*** Block opens ***
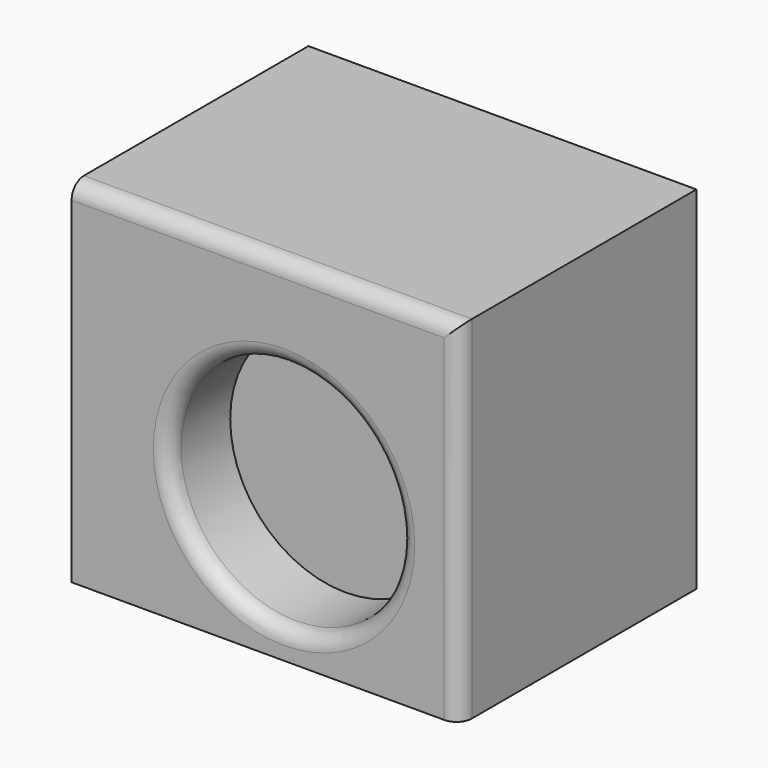
from build123d import *

# Parameters (mm, degrees)
F0_W     = 128.2316669822
F0_H     = 97.8200212121
F1_DEPTH = 116.2282433361
F2_R     = 38.1
F3_DEPTH = 25.4
F4_R     = 5.08


with BuildPart() as f1:
    # F0 (on Top) → F1 (new body)
    with BuildSketch(Plane.XY):
        with Locations((7.463093847, 4.6752728522)):
            Rectangle(F0_W, F0_H)
    extrude(amount=F1_DEPTH)

    # F2 (on face) → F3 (cut)
    with BuildSketch(Plane.XZ.offset(44.2347377539)):
        with Locations((13.5555826128, 47.6286895573)):
            Circle(F2_R)
    extrude(amount=-F3_DEPTH, mode=Mode.SUBTRACT)

    # F4
    f4_edges = [f1.edges().sort_by_distance(p)[0] for p in [
        (71.578927, -44.234738, 58.114122),
        (7.463094, -44.234738, 116.228243),
        (-24.544417, -44.234738, 47.62869),
    ]]
    fillet(f4_edges, radius=F4_R)


solid = f1.part
*** Block closes ***
Exercise details: In the answer, set down only the lines from the opening line of the listing through the line that holds "extrude(amount=-F3_DEPTH, mode=Mode.SUBTRACT)", exactly as they appear, minus the pictures.

Answer to this problem:
from build123d import *

# Parameters (mm, degrees)
F0_W     = 128.2316669822
F0_H     = 97.8200212121
F1_DEPTH = 116.2282433361
F2_R     = 38.1
F3_DEPTH = 25.4
F4_R     = 5.08


with BuildPart() as f1:
    # F0 (on Top) → F1 (new body)
    with BuildSketch(Plane.XY):
        with Locations((7.463093847, 4.6752728522)):
            Rectangle(F0_W, F0_H)
    extrude(amount=F1_DEPTH)

    # F2 (on face) → F3 (cut)
    with BuildSketch(Plane.XZ.offset(44.2347377539)):
        with Locations((13.5555826128, 47.6286895573)):
            Circle(F2_R)
    extrude(amount=-F3_DEPTH, mode=Mode.SUBTRACT)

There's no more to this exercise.